There are several steps that need to be done to collect and visualize performance data in this mode.
Data collection
- Launch the PGI profiler.
- Since the Pgrof's GUI is based on Java, it should be executed on the compute node in the interactive session rather than on the login node, as the latter does not have enough memory (see Java for more details). An interactive session can be started with
salloc --x11 ...
to enable X11 forwarding (see Interactive jobs for more details).

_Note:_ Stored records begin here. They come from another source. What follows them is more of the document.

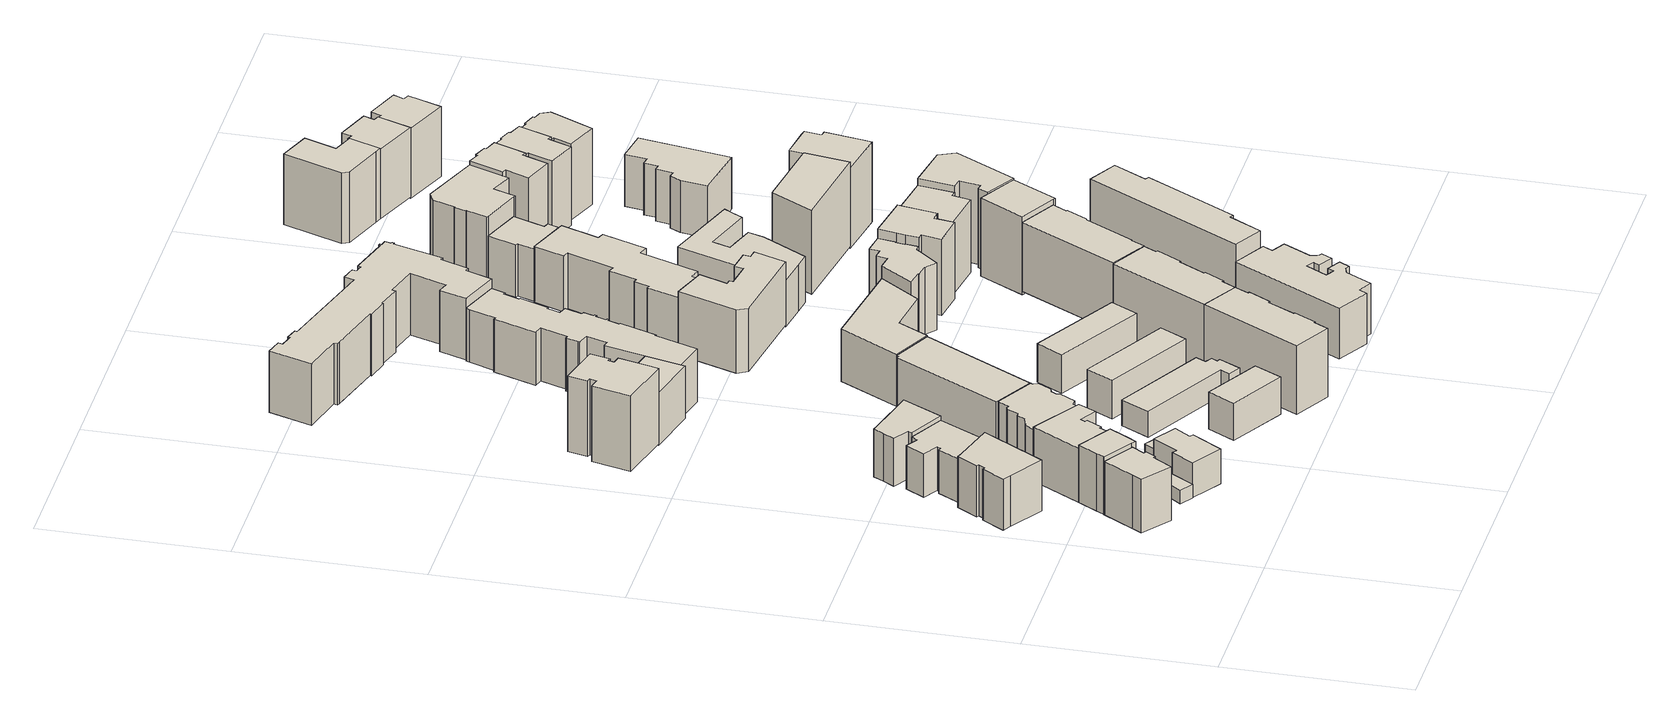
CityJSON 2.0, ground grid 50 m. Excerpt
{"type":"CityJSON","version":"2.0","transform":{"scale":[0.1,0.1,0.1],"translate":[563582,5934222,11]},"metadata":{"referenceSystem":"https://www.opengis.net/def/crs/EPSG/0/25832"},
"CityObjects":{
"building1":{"type":"Building","attributes":{"Gemeindeschluessel":"02100110","Geometrietyp2DReferenz":"3000","BezugspunktDach":"2000","function":"31001_1010","measuredHeight":16.61,"storeysAboveGround":4},"address":[{"country":"Germany","locality":"Hamburg","thoroughfareNumber":"12","thoroughfareName":"Bleicherstraße","postcode":"22767"}],"geometry":[{"type":"Solid","lod":"1","boundaries":[[[[0,1,2,3,4,5,6,7,8,9]],[[10,11,12,13,14,15,16,17,18,19]],[[8,10,19,9]],[[7,11,10,8]],[[6,12,11,7]],[[5,13,12,6]],[[4,14,13,5]],[[3,15,14,4]],[[2,16,15,3]],[[1,17,16,2]],[[0,18,17,1]],[[9,19,18,0]]]]}]},
"building2":{"type":"Building","attributes":{"Gemeindeschluessel":"02100110","Geometrietyp2DReferenz":"3000","BezugspunktDach":"2000","function":"31001_1010","measuredHeight":14.46,"storeysAboveGround":4},"address":[{"country":"Germany","locality":"Hamburg","thoroughfareNumber":"19","thoroughfareName":"Bleicherstraße","postcode":"22767"}],"geometry":[{"type":"Solid","lod":"1","boundaries":[[[[20,21,22,23,24,25,26,27,28,29]],[[30,31,32,33,34,35,36,37,38,39]],[[28,30,39,29]],[[27,31,30,28]],[[26,32,31,27]],[[25,33,32,26]],[[24,34,33,25]],[[23,35,34,24]],[[22,36,35,23]],[[21,37,36,22]],[[20,38,37,21]],[[29,39,38,20]]]]}]},
"building3":{"type":"Building","attributes":{"Gemeindeschluessel":"02100110","Geometrietyp2DReferenz":"3000","BezugspunktDach":"2000","function":"31001_1010","measuredHeight":16.79,"storeysAboveGround":3},"address":[{"country":"Germany","locality":"Hamburg","thoroughfareNumber":"14","thoroughfareName":"Bleicherstraße","postcode":"22767"}],"geometry":[{"type":"Solid","lod":"1","boundaries":[[[[40,41,42,43,3,2,44,45,46]],[[47,48,49,50,51,52,53,54,55]],[[45,47,55,46]],[[44,48,47,45]],[[2,49,48,44]],[[3,50,49,2]],[[43,51,50,3]],[[42,52,51,43]],[[41,53,52,42]],[[40,54,53,41]],[[46,55,54,40]]]]}]},
"building4":{"type":"Building","attributes":{"Gemeindeschluessel":"02100110","Geometrietyp2DReferenz":"3000","BezugspunktDach":"2000","function":"31001_1010","measuredHeight":3.88,"storeysAboveGround":1},"address":[{"country":"Germany","locality":"Hamburg","thoroughfareName":"Bleicherstraße","postcode":"22767"}],"geometry":[{"type":"Solid","lod":"1","boundaries":[[[[56,57,58,59]],[[60,61,62,63]],[[58,60,63,59]],[[57,61,60,58]],[[56,62,61,57]],[[59,63,62,56]]]]}]},
"building5":{"type":"Building","attributes":{"Gemeindeschluessel":"02100110","Geometrietyp2DReferenz":"3000","BezugspunktDach":"2000","function":"31001_1010","measuredHeight":9.91,"storeysAboveGround":3},"address":[{"country":"Germany","locality":"Hamburg","thoroughfareNumber":"14a","thoroughfareName":"Bleicherstraße","postcode":"22767"}],"geometry":[{"type":"Solid","lod":"1","boundaries":[[[[64,65,66,67,68,69,70,71]],[[72,73,74,75,76,77,78,79]],[[70,72,79,71]],[[69,73,72,70]],[[68,74,73,69]],[[67,75,74,68]],[[66,76,75,67]],[[65,77,76,66]],[[64,78,77,65]],[[71,79,78,64]]]]}]},
"building6":{"type":"Building","attributes":{"Gemeindeschluessel":"02100110","Geometrietyp2DReferenz":"3000","BezugspunktDach":"2000","function":"31001_1010","measuredHeight":13.91,"storeysAboveGround":3},"address":[{"country":"Germany","locality":"Hamburg","thoroughfareNumber":"25","thoroughfareName":"Bleicherstraße","postcode":"22767"}],"geometry":[{"type":"Solid","lod":"1","boundaries":[[[[80,81,82,83,84,85,86,87,88,89]],[[90,91,92,93,94,95,96,97,98,99]],[[88,90,99,89]],[[87,91,90,88]],[[86,92,91,87]],[[85,93,92,86]],[[84,94,93,85]],[[83,95,94,84]],[[82,96,95,83]],[[81,97,96,82]],[[80,98,97,81]],[[89,99,98,80]]]]}]},
"building7":{"type":"Building","attributes":{"Geometrietyp2DReferenz":"3000","Gemeindeschluessel":"02100110","BezugspunktDach":"2000","function":"31001_1010","measuredHeight":17.95,"storeysAboveGround":4},"address":[{"country":"Germany","locality":"Hamburg","thoroughfareNumber":"16","thoroughfareName":"Bleicherstraße","postcode":"22767"}],"geometry":[{"type":"Solid","lod":"1","boundaries":[[[[100,101,102,103,40,46,104,105,106,107,108]],[[109,110,111,112,113,114,115,116,117,118,119]],[[107,109,119,108]],[[106,110,109,107]],[[105,111,110,106]],[[104,112,111,105]],[[46,113,112,104]],[[40,114,113,46]],[[103,115,114,40]],[[102,116,115,103]],[[101,117,116,102]],[[100,118,117,101]],[[108,119,118,100]]]]}]},
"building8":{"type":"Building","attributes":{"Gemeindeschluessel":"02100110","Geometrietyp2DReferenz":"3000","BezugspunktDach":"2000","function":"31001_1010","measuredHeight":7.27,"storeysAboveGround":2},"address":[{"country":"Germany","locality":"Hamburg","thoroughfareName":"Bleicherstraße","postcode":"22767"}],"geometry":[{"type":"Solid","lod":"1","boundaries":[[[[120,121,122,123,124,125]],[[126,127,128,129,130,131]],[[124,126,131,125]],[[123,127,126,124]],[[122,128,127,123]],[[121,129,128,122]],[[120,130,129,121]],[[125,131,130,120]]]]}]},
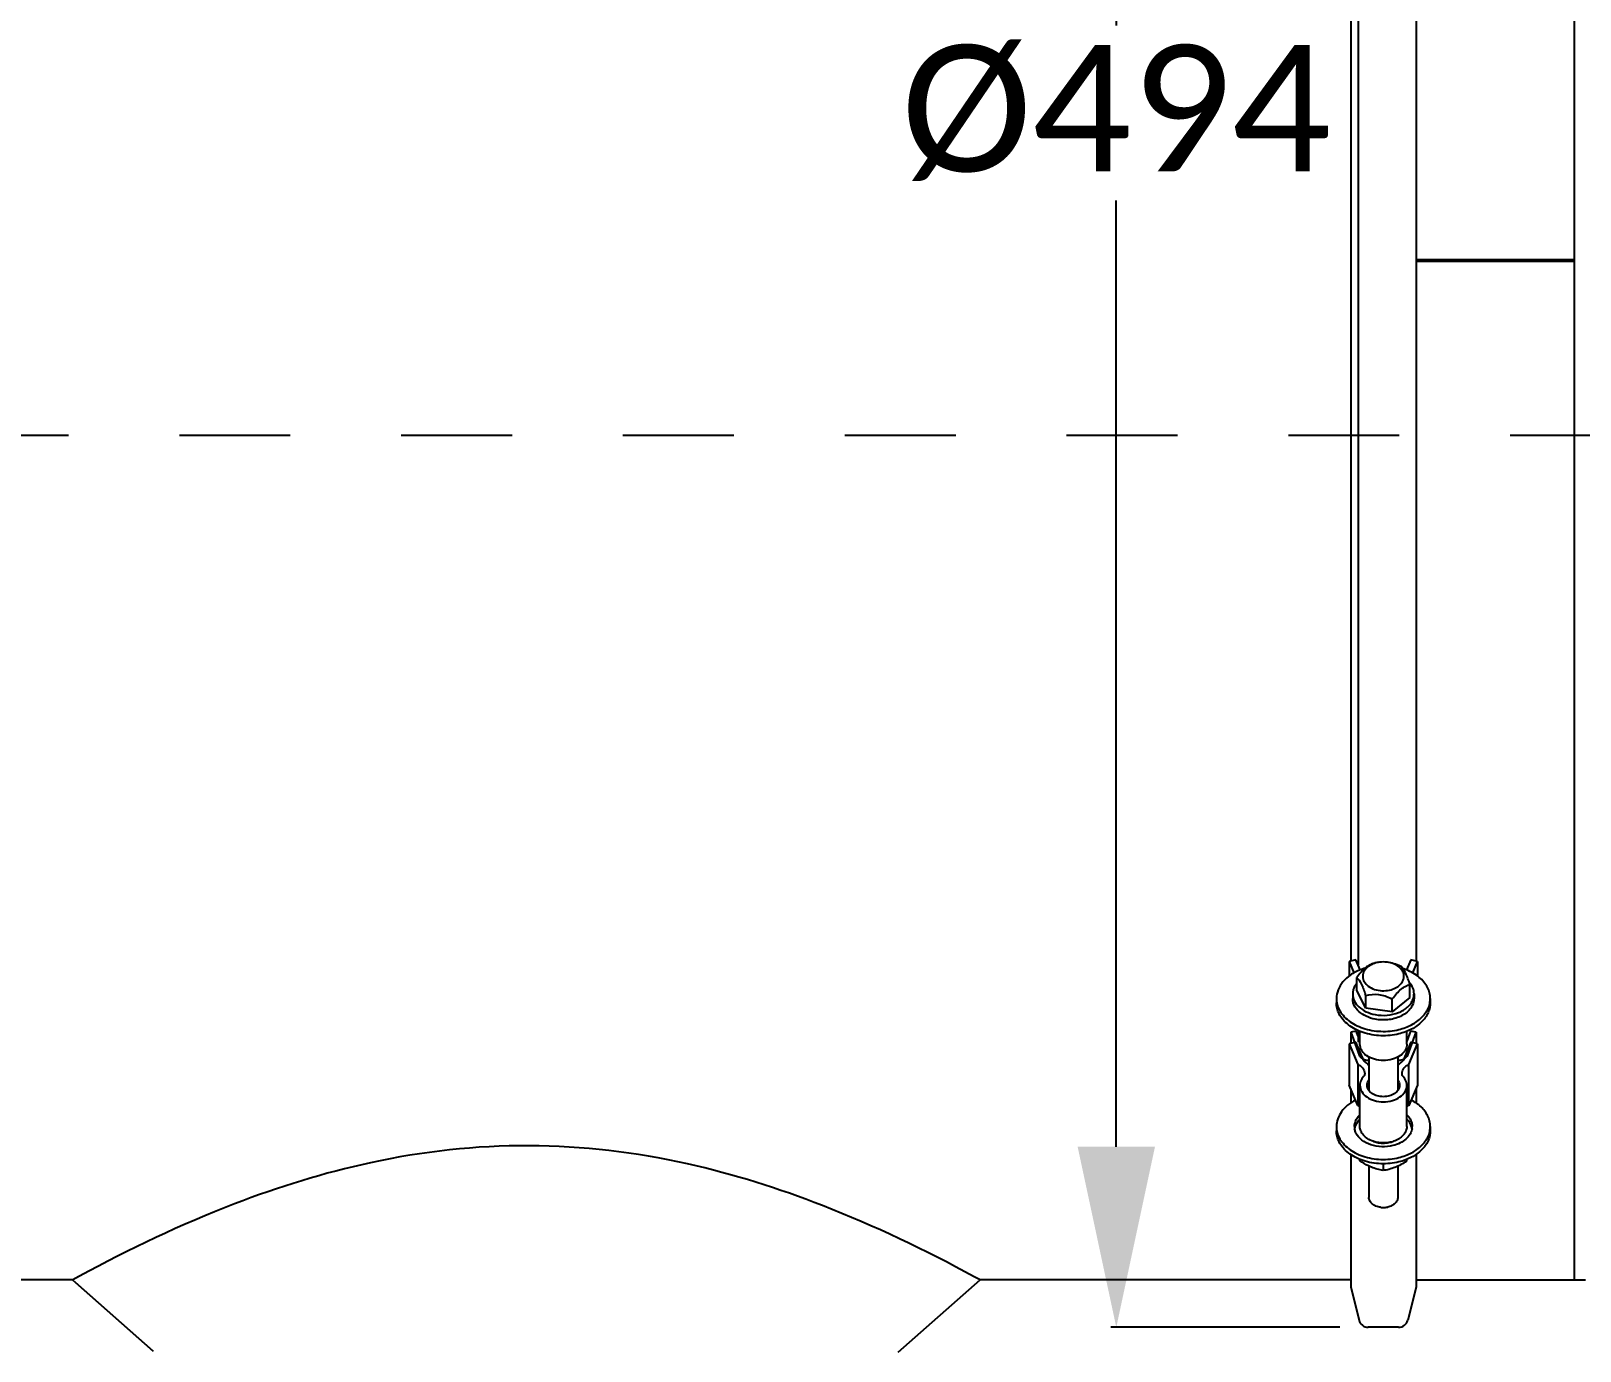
# Model space of a CAD drawing. Header units: millimetres. Extents: x 6781 to 13993, y -7973 to 4183.
# Drawn here: x 10417.9 to 10847.1, y -1906.8 to -1541.1 of the extents above; entities that cross this region are included whole.
import ezdxf

# ---------------------------------------------------------------- set-up
doc = ezdxf.new("R2010")
doc.units = ezdxf.units.MM
doc.header["$LTSCALE"] = 307.34
doc.header["$PDMODE"] = 3
doc.header["$PDSIZE"] = 8
doc.linetypes.add('DASHED', pattern=[0.2, 0.1, -0.1])
doc.layers.get('0').update_dxf_attribs({"linetype": 'CONTINUOUS'})
doc.layers.get('Defpoints').update_dxf_attribs({"linetype": 'CONTINUOUS'})
doc.styles.get("Standard").update_dxf_attribs({"font": 'calibri.ttf'})
doc.dimstyles.new('DIMSTYLE_1', dxfattribs={"dimtxt": 40, "dimasz": 35, "dimexe": 1.5, "dimexo": 1, "dimgap": 1, "dimtad": 1, "dimdsep": 46, "dimtxsty": 'Standard', "dimblk": '_FILLED', "dimblk1": '_FILLED', "dimblk2": '_FILLED', "dimcen": 0.09, "dimazin": 2, "dimtp": 0.01, "dimtm": 0.01, "dimtfac": 1, "dimtofl": 0, "dimtmove": 0, "dimatfit": 3, "dimldrblk": '_FILLED', "dimfxl": 1, "dimtolj": 1, "dimarcsym": 0})
doc.dimstyles.get("Standard").update_dxf_attribs({"dimtxt": 35, "dimasz": 35, "dimexe": 1.5, "dimexo": 1, "dimtad": 1, "dimdsep": 46, "dimtxsty": 'Standard', "dimblk": '_FILLED', "dimblk1": '_FILLED', "dimblk2": '_FILLED', "dimcen": 0.09, "dimazin": 2, "dimtol": 1, "dimtp": 0.01, "dimtm": 0.01, "dimtfac": 1, "dimtofl": 0, "dimtmove": 0, "dimatfit": 3, "dimldrblk": '_FILLED', "dimfxl": 1, "dimtolj": 1, "dimarcsym": 0})

# ---------------------------------------------------------------- blocks, each defined once
blk = doc.blocks.new('_FILLED')
at = {"color": 0, "linetype": 'ByBlock'}
blk.add_solid([(0, 0), (-1, 0.2143), (-1, -0.2143)], dxfattribs=at)
blk = doc.blocks.new('*D915')
at = {"color": 0, "linetype": 'Continuous', "lineweight": -2}
for p, q in [((10142.65, -1667.4), (10142.65, -2074.83)), ((10972.65, -1772.77), (10972.65, -2074.83)), ((10177.65, -2073.33), (10937.65, -2073.33))]:
    blk.add_line(p, q, dxfattribs=at)
at = {"layer": 'Defpoints', "color": 0}
for p in [(10142.65, -1666.4), (10972.65, -1771.77), (10972.65, -2073.33)]:
    blk.add_point(p, dxfattribs=at)
at = {"color": 0, "linetype": 'ByBlock', "lineweight": -2, "xscale": 35, "yscale": 35, "zscale": 35, "rotation": 180}
blk.add_blockref('_FILLED', (10142.65, -2073.33), dxfattribs=at)
at = {"color": 0, "linetype": 'ByBlock', "lineweight": -2, "xscale": 35, "yscale": 35, "zscale": 35}
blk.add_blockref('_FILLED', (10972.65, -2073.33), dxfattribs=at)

- Since the Pgrof's GUI is based on Java, it should be executed on the compute node in the interactive session rather than on the login node, as the latter does not have enough memory (see Java for more details). An interactive session can be started with
- In order to start a new session, open the File menu and click on New Session.
- Select the executable file you want to profile and then add any arguments appropriate for your profiling.
- Click Next, then Finish.
Analysis
In the CPU Details tab, click on the Show the top-down (callers first) call tree view button.
The visualization window is comprised of four panes:
- The pane on the upper right shows the timeline with all the events ordered by the time at which they were executed.
- GPU Details: shows performance details for the GPU kernels.
- CPU Details: shows performance details for the CPU functions.
- Properties: shows all the details for a selected function in the timeline window.
References
PGPROF is a product of PGI, which is a subsidiary of NVIDIA Corporation.